As Carvey points out, this book will not teach you how to perform live incident response or computer forensics.
Its value is as a tool to teach you how to use Perl as a tool in your work.
The book, as you might expect, is loaded with examples that will teach you much about Windows and using Perl to extract information. For instance, one script entitled "Lslink.pl" has much to teach about the structure of Windows shortcut or link files (which are encoded in binary) and how to extract that structure using a Perl script. The script runs about se ven printed pages. It is not overly complex, but following its logic is very informative.
By the way, one of the first things the author does is to brief the reader on the capabilities of several commonly available Perl modules, which can be extremely handy.
Harlan Carvey is very well known in the community for his writings on the Windows Registry and his Perl script RegRipper. Carvey not only demonstrates his masterly understanding of the Registry, but provides several scripts for the student reader to review and implement.

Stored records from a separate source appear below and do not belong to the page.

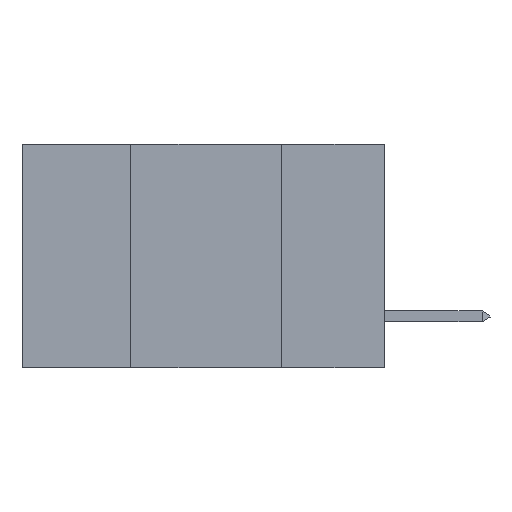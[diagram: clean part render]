
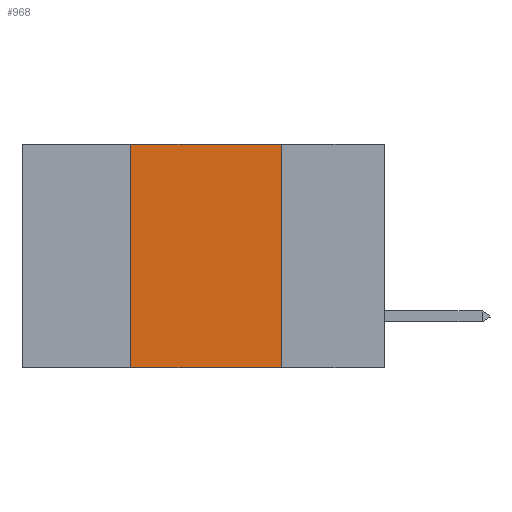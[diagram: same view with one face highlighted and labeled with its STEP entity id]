
A CAD part, left-side view. The second image highlights one B-rep face of the part: STEP entity #968.
In plain terms, the highlighted planar face has unit normal (-1, 0, 0).
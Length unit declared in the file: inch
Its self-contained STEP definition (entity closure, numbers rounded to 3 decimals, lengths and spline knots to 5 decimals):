
#968 = ADVANCED_FACE ( 'NONE', ( #14739 ), #27433, .F. ) ;
#1146 = EDGE_CURVE ( 'NONE', #17341, #30372, #25271, .T. ) ;
#1219 = CARTESIAN_POINT ( 'NONE',  ( 0., 0.42, -0.37 ) ) ;
#2249 = DIRECTION ( 'NONE',  ( 1., 0., 0. ) ) ;
#3747 = CARTESIAN_POINT ( 'NONE',  ( 0., 0.17, 0. ) ) ;
#4158 = DIRECTION ( 'NONE',  ( 0., -1., 0. ) ) ;
#4792 = DIRECTION ( 'NONE',  ( 0., 0., -1. ) ) ;
#5296 = LINE ( 'NONE', #9425, #22222 ) ;
#6341 = VERTEX_POINT ( 'NONE', #28883 ) ;
#7654 = ORIENTED_EDGE ( 'NONE', *, *, #20217, .T. ) ;
#8014 = CARTESIAN_POINT ( 'NONE',  ( 0., 0.42, 0. ) ) ;
#8727 = DIRECTION ( 'NONE',  ( 0., 0., 1. ) ) ;
#8892 = VECTOR ( 'NONE', #24467, 39.37008 ) ;
#9425 = CARTESIAN_POINT ( 'NONE',  ( 0., 0.6, -0.37 ) ) ;
#9540 = VERTEX_POINT ( 'NONE', #1219 ) ;
#10254 = CARTESIAN_POINT ( 'NONE',  ( 0., 0.6, 0. ) ) ;
#10966 = ORIENTED_EDGE ( 'NONE', *, *, #18745, .F. ) ;
#12131 = DIRECTION ( 'NONE',  ( 0., -1., 0. ) ) ;
#13094 = ORIENTED_EDGE ( 'NONE', *, *, #1146, .F. ) ;
#13785 = LINE ( 'NONE', #8014, #29041 ) ;
#14739 = FACE_OUTER_BOUND ( 'NONE', #22120, .T. ) ;
#14988 = LINE ( 'NONE', #26780, #16953 ) ;
#16953 = VECTOR ( 'NONE', #12131, 39.37008 ) ;
#17019 = CARTESIAN_POINT ( 'NONE',  ( 0., 0.17, -0.37 ) ) ;
#17341 = VERTEX_POINT ( 'NONE', #3747 ) ;
#18745 = EDGE_CURVE ( 'NONE', #6341, #17341, #14988, .T. ) ;
#19421 = AXIS2_PLACEMENT_3D ( 'NONE', #10254, #2249, #4792 ) ;
#19465 = EDGE_CURVE ( 'NONE', #9540, #6341, #13785, .T. ) ;
#20217 = EDGE_CURVE ( 'NONE', #9540, #30372, #5296, .T. ) ;
#22120 = EDGE_LOOP ( 'NONE', ( #13094, #10966, #24376, #7654 ) ) ;
#22222 = VECTOR ( 'NONE', #4158, 39.37008 ) ;
#24376 = ORIENTED_EDGE ( 'NONE', *, *, #19465, .F. ) ;
#24467 = DIRECTION ( 'NONE',  ( 0., 0., -1. ) ) ;
#25271 = LINE ( 'NONE', #26086, #8892 ) ;
#26086 = CARTESIAN_POINT ( 'NONE',  ( 0., 0.17, 0. ) ) ;
#26780 = CARTESIAN_POINT ( 'NONE',  ( 0., 0.6, 0. ) ) ;
#27433 = PLANE ( 'NONE',  #19421 ) ;
#28883 = CARTESIAN_POINT ( 'NONE',  ( 0., 0.42, 0. ) ) ;
#29041 = VECTOR ( 'NONE', #8727, 39.37008 ) ;
#30372 = VERTEX_POINT ( 'NONE', #17019 ) ;
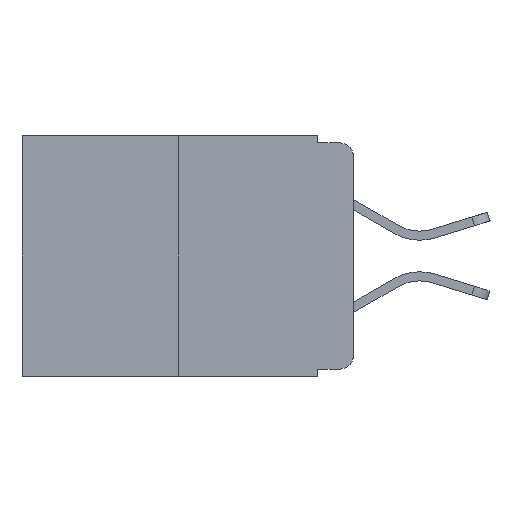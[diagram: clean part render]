
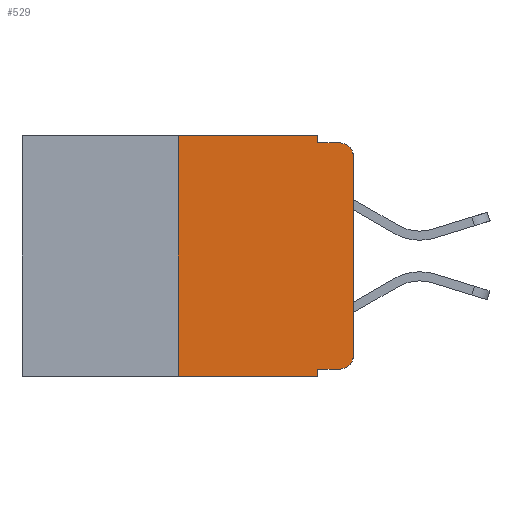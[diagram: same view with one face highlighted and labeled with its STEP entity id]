
A CAD part, left-side view. The second image highlights one B-rep face of the part: STEP entity #529.
In plain terms, the highlighted planar face has unit normal (-1, 0, 0).
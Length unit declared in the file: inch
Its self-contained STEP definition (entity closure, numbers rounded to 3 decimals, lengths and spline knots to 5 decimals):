
#18 = ORIENTED_EDGE ( 'NONE', *, *, #6493, .T. ) ;
#202 = DIRECTION ( 'NONE',  ( 0., 0., 1. ) ) ;
#225 = VERTEX_POINT ( 'NONE', #7910 ) ;
#264 = VERTEX_POINT ( 'NONE', #2748 ) ;
#381 = DIRECTION ( 'NONE',  ( 0., 0., -1. ) ) ;
#408 = VECTOR ( 'NONE', #202, 39.37008 ) ;
#529 = ADVANCED_FACE ( 'NONE', ( #13512 ), #13911, .F. ) ;
#679 = ORIENTED_EDGE ( 'NONE', *, *, #18257, .T. ) ;
#880 = EDGE_CURVE ( 'NONE', #6363, #5729, #3948, .T. ) ;
#1141 = DIRECTION ( 'NONE',  ( 0., 0., -1. ) ) ;
#1307 = VERTEX_POINT ( 'NONE', #15909 ) ;
#1348 = CARTESIAN_POINT ( 'NONE',  ( 0., 0., 0. ) ) ;
#1438 = ORIENTED_EDGE ( 'NONE', *, *, #7384, .F. ) ;
#1807 = VECTOR ( 'NONE', #4282, 39.37008 ) ;
#1952 = CARTESIAN_POINT ( 'NONE',  ( 0., 0.473, -0.343 ) ) ;
#2049 = CARTESIAN_POINT ( 'NONE',  ( 0., 0.25, 0. ) ) ;
#2106 = EDGE_CURVE ( 'NONE', #7403, #9936, #10710, .T. ) ;
#2471 = AXIS2_PLACEMENT_3D ( 'NONE', #18780, #10109, #1141 ) ;
#2748 = CARTESIAN_POINT ( 'NONE',  ( 0., 0.02, -0.01 ) ) ;
#2759 = ORIENTED_EDGE ( 'NONE', *, *, #3079, .T. ) ;
#2834 = CARTESIAN_POINT ( 'NONE',  ( 0., 0.051, 0. ) ) ;
#2950 = CARTESIAN_POINT ( 'NONE',  ( 0., 0.051, 0. ) ) ;
#3002 = EDGE_CURVE ( 'NONE', #5729, #264, #13216, .T. ) ;
#3079 = EDGE_CURVE ( 'NONE', #8422, #1307, #12275, .T. ) ;
#3287 = AXIS2_PLACEMENT_3D ( 'NONE', #10954, #14461, #381 ) ;
#3463 = DIRECTION ( 'NONE',  ( 0., 0., -1. ) ) ;
#3539 = DIRECTION ( 'NONE',  ( 0., 0., 1. ) ) ;
#3898 = ORIENTED_EDGE ( 'NONE', *, *, #2106, .T. ) ;
#3948 = LINE ( 'NONE', #2834, #15300 ) ;
#3957 = VECTOR ( 'NONE', #5284, 39.37008 ) ;
#4106 = ORIENTED_EDGE ( 'NONE', *, *, #3002, .F. ) ;
#4282 = DIRECTION ( 'NONE',  ( 0., -1., 0. ) ) ;
#4502 = DIRECTION ( 'NONE',  ( 0., -1., 0. ) ) ;
#4933 = VERTEX_POINT ( 'NONE', #16500 ) ;
#4966 = DIRECTION ( 'NONE',  ( 0., -1., 0. ) ) ;
#5281 = VECTOR ( 'NONE', #4966, 39.37008 ) ;
#5284 = DIRECTION ( 'NONE',  ( 0., -1., 0. ) ) ;
#5729 = VERTEX_POINT ( 'NONE', #16788 ) ;
#6363 = VERTEX_POINT ( 'NONE', #6462 ) ;
#6462 = CARTESIAN_POINT ( 'NONE',  ( 0., 0.051, 0. ) ) ;
#6493 = EDGE_CURVE ( 'NONE', #225, #4933, #8896, .T. ) ;
#6644 = VECTOR ( 'NONE', #3539, 39.37008 ) ;
#6926 = ORIENTED_EDGE ( 'NONE', *, *, #18538, .F. ) ;
#7085 = DIRECTION ( 'NONE',  ( -1., 0., 0. ) ) ;
#7232 = EDGE_CURVE ( 'NONE', #4933, #8422, #10732, .T. ) ;
#7384 = EDGE_CURVE ( 'NONE', #225, #9936, #15274, .T. ) ;
#7403 = VERTEX_POINT ( 'NONE', #16207 ) ;
#7455 = DIRECTION ( 'NONE',  ( 0., 0., -1. ) ) ;
#7571 = CARTESIAN_POINT ( 'NONE',  ( 0., 0.473, 0. ) ) ;
#7910 = CARTESIAN_POINT ( 'NONE',  ( 0., 0.051, -0.333 ) ) ;
#8422 = VERTEX_POINT ( 'NONE', #15988 ) ;
#8546 = CARTESIAN_POINT ( 'NONE',  ( 0., 0.25, 0. ) ) ;
#8896 = LINE ( 'NONE', #15639, #3957 ) ;
#9852 = AXIS2_PLACEMENT_3D ( 'NONE', #15917, #7085, #17364 ) ;
#9869 = VERTEX_POINT ( 'NONE', #8546 ) ;
#9909 = LINE ( 'NONE', #7571, #13347 ) ;
#9936 = VERTEX_POINT ( 'NONE', #15974 ) ;
#10109 = DIRECTION ( 'NONE',  ( -1., 0., 0. ) ) ;
#10710 = LINE ( 'NONE', #1952, #1807 ) ;
#10732 = CIRCLE ( 'NONE', #2471, 0.02 ) ;
#10757 = EDGE_CURVE ( 'NONE', #9869, #6363, #9909, .T. ) ;
#10954 = CARTESIAN_POINT ( 'NONE',  ( 0., 0.473, 0. ) ) ;
#11420 = VECTOR ( 'NONE', #7455, 39.37008 ) ;
#12275 = LINE ( 'NONE', #1348, #408 ) ;
#12558 = EDGE_LOOP ( 'NONE', ( #2759, #679, #4106, #16148, #14109, #6926, #3898, #1438, #18, #17319 ) ) ;
#13216 = LINE ( 'NONE', #14781, #5281 ) ;
#13347 = VECTOR ( 'NONE', #4502, 39.37008 ) ;
#13512 = FACE_OUTER_BOUND ( 'NONE', #12558, .T. ) ;
#13911 = PLANE ( 'NONE',  #3287 ) ;
#14109 = ORIENTED_EDGE ( 'NONE', *, *, #10757, .F. ) ;
#14461 = DIRECTION ( 'NONE',  ( 1., 0., 0. ) ) ;
#14781 = CARTESIAN_POINT ( 'NONE',  ( 0., 0.051, -0.01 ) ) ;
#15274 = LINE ( 'NONE', #2950, #11420 ) ;
#15300 = VECTOR ( 'NONE', #3463, 39.37008 ) ;
#15639 = CARTESIAN_POINT ( 'NONE',  ( 0., 0.051, -0.333 ) ) ;
#15909 = CARTESIAN_POINT ( 'NONE',  ( 0., 0., -0.03 ) ) ;
#15917 = CARTESIAN_POINT ( 'NONE',  ( 0., 0.02, -0.03 ) ) ;
#15974 = CARTESIAN_POINT ( 'NONE',  ( 0., 0.051, -0.343 ) ) ;
#15988 = CARTESIAN_POINT ( 'NONE',  ( 0., 0., -0.313 ) ) ;
#16117 = CIRCLE ( 'NONE', #9852, 0.02 ) ;
#16148 = ORIENTED_EDGE ( 'NONE', *, *, #880, .F. ) ;
#16207 = CARTESIAN_POINT ( 'NONE',  ( 0., 0.25, -0.343 ) ) ;
#16500 = CARTESIAN_POINT ( 'NONE',  ( 0., 0.02, -0.333 ) ) ;
#16788 = CARTESIAN_POINT ( 'NONE',  ( 0., 0.051, -0.01 ) ) ;
#17319 = ORIENTED_EDGE ( 'NONE', *, *, #7232, .T. ) ;
#17364 = DIRECTION ( 'NONE',  ( 0., 0., -1. ) ) ;
#18257 = EDGE_CURVE ( 'NONE', #1307, #264, #16117, .T. ) ;
#18350 = LINE ( 'NONE', #2049, #6644 ) ;
#18538 = EDGE_CURVE ( 'NONE', #7403, #9869, #18350, .T. ) ;
#18780 = CARTESIAN_POINT ( 'NONE',  ( 0., 0.02, -0.313 ) ) ;
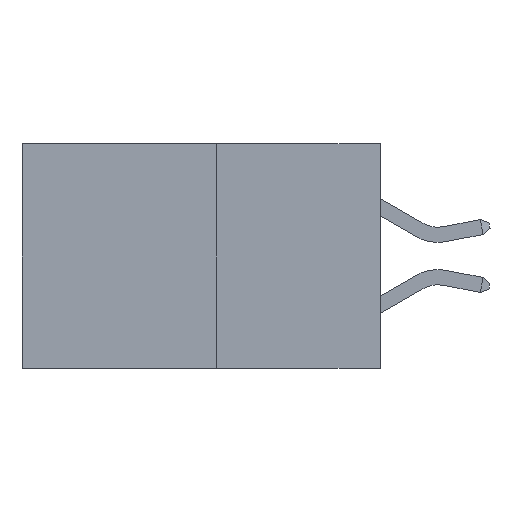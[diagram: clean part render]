
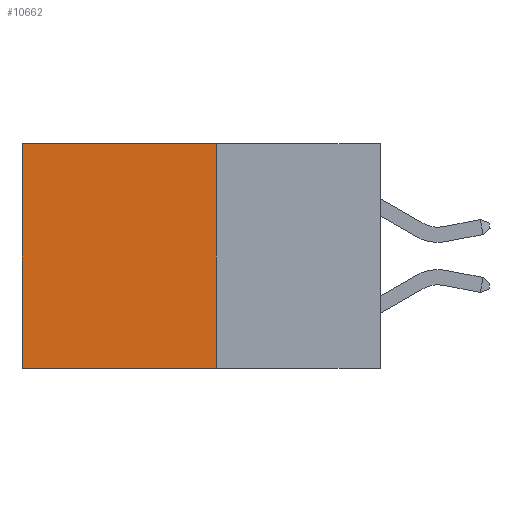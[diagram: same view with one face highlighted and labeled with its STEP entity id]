
A CAD part, left-side view. The second image highlights one B-rep face of the part: STEP entity #10662.
In plain terms, the highlighted planar face has unit normal (-1, 0, 0).
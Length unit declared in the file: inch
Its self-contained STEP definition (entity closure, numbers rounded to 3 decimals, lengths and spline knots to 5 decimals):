
#216 = ORIENTED_EDGE ( 'NONE', *, *, #1557, .T. ) ;
#945 = EDGE_LOOP ( 'NONE', ( #216, #2719, #7034, #24763 ) ) ;
#1557 = EDGE_CURVE ( 'NONE', #4378, #24864, #27270, .T. ) ;
#2719 = ORIENTED_EDGE ( 'NONE', *, *, #6596, .F. ) ;
#3982 = VECTOR ( 'NONE', #16775, 39.37008 ) ;
#4378 = VERTEX_POINT ( 'NONE', #21195 ) ;
#4679 = LINE ( 'NONE', #9865, #3982 ) ;
#5470 = CARTESIAN_POINT ( 'NONE',  ( 0.277, 0.59, -0.37 ) ) ;
#5499 = DIRECTION ( 'NONE',  ( 0., 0., -1. ) ) ;
#5572 = DIRECTION ( 'NONE',  ( 1., 0., 0. ) ) ;
#5677 = CARTESIAN_POINT ( 'NONE',  ( 0.277, 0.27, -0.37 ) ) ;
#6088 = PLANE ( 'NONE',  #12065 ) ;
#6164 = CARTESIAN_POINT ( 'NONE',  ( 0.277, 0.59, -0.37 ) ) ;
#6596 = EDGE_CURVE ( 'NONE', #17614, #24864, #7381, .T. ) ;
#7034 = ORIENTED_EDGE ( 'NONE', *, *, #18485, .F. ) ;
#7381 = LINE ( 'NONE', #14700, #17948 ) ;
#7571 = LINE ( 'NONE', #17792, #18840 ) ;
#9733 = FACE_OUTER_BOUND ( 'NONE', #945, .T. ) ;
#9865 = CARTESIAN_POINT ( 'NONE',  ( 0.277, 0.27, 0. ) ) ;
#10522 = CARTESIAN_POINT ( 'NONE',  ( 0.277, 0.27, 0. ) ) ;
#10662 = ADVANCED_FACE ( 'NONE', ( #9733 ), #6088, .F. ) ;
#12065 = AXIS2_PLACEMENT_3D ( 'NONE', #5677, #5572, #5499 ) ;
#14700 = CARTESIAN_POINT ( 'NONE',  ( 0.277, 0.27, -0.37 ) ) ;
#14948 = DIRECTION ( 'NONE',  ( 0., 1., 0. ) ) ;
#16775 = DIRECTION ( 'NONE',  ( 0., 1., 0. ) ) ;
#17614 = VERTEX_POINT ( 'NONE', #28621 ) ;
#17792 = CARTESIAN_POINT ( 'NONE',  ( 0.277, 0.27, -0.37 ) ) ;
#17948 = VECTOR ( 'NONE', #14948, 39.37008 ) ;
#18485 = EDGE_CURVE ( 'NONE', #26310, #17614, #7571, .T. ) ;
#18840 = VECTOR ( 'NONE', #20004, 39.37008 ) ;
#20004 = DIRECTION ( 'NONE',  ( 0., 0., -1. ) ) ;
#21195 = CARTESIAN_POINT ( 'NONE',  ( 0.277, 0.59, 0. ) ) ;
#21674 = VECTOR ( 'NONE', #27465, 39.37008 ) ;
#24763 = ORIENTED_EDGE ( 'NONE', *, *, #28670, .T. ) ;
#24864 = VERTEX_POINT ( 'NONE', #5470 ) ;
#26310 = VERTEX_POINT ( 'NONE', #10522 ) ;
#27270 = LINE ( 'NONE', #6164, #21674 ) ;
#27465 = DIRECTION ( 'NONE',  ( 0., 0., -1. ) ) ;
#28621 = CARTESIAN_POINT ( 'NONE',  ( 0.277, 0.27, -0.37 ) ) ;
#28670 = EDGE_CURVE ( 'NONE', #26310, #4378, #4679, .T. ) ;

The book is actually rather broadly based and covers a number of areas, some of which the reader may have no immediate interest in or need for, such as live incident response in my case. But as Carvey points out, his goal here is to inspire, not to provide tools and answers for specific needs.
As an inspirational and teaching tool, Carvey achieves his objectives. For the person who is already familiar with Perl, the book serves as a goad for rolling your own code to meet specific needs that are not met in the omnibus commercial programs on the market.
This is not a Perl tutorial. However, if you happen to be using any of Harlan's tools that he has written in Perl to perform live response, post-mortem forensics or network security administration, the book gives good insight into exactly what the scripts are doing and why.
While I am not a Perl programmer, I have over 25 years of experience programming in various computer languages. Based on what I saw in the book, anyone with fairly basic programming knowledge can understand what Harlan is doing with the scripts and if they want to learn Perl, could use them as an excellent method for advancing their knowledge into writing specific scripts later on.
For someone who is an experienced programmer who wants to dive into Perl scripting, once you have gained an understanding of the Perl syntax and coding rules, Harlan's scripts and advice in the book for additional resources are an excellent way to get deeper into coding Perl for specific security tasks.
The foundation of programming is basically the same, no matter what language you choose to use. What differs between the different languages is primarily features and syntax. In other words, how you have to structure your coding for the interpreter or compiler to understand what you are trying to do.
The book is organized into three parts, with Part 1 covering how to use Perl for incident response and troubleshooting live systems. Part 2 covers post-mortem forensics and Part 3 covers monitoring application processes, Web services and log files.
While it is not a huge tome like many programming books, it is important to bear in mind that this is not a programming book. This is a book that demonstrates specific scripts for specific tasks. If you are a long time coder like me, you will appreciate a book that deals with a specific subject matter without trying to teach you everything and nothing about a programming language.
If you are interested in coding your own security or forensic tools, I would highly recommend this book.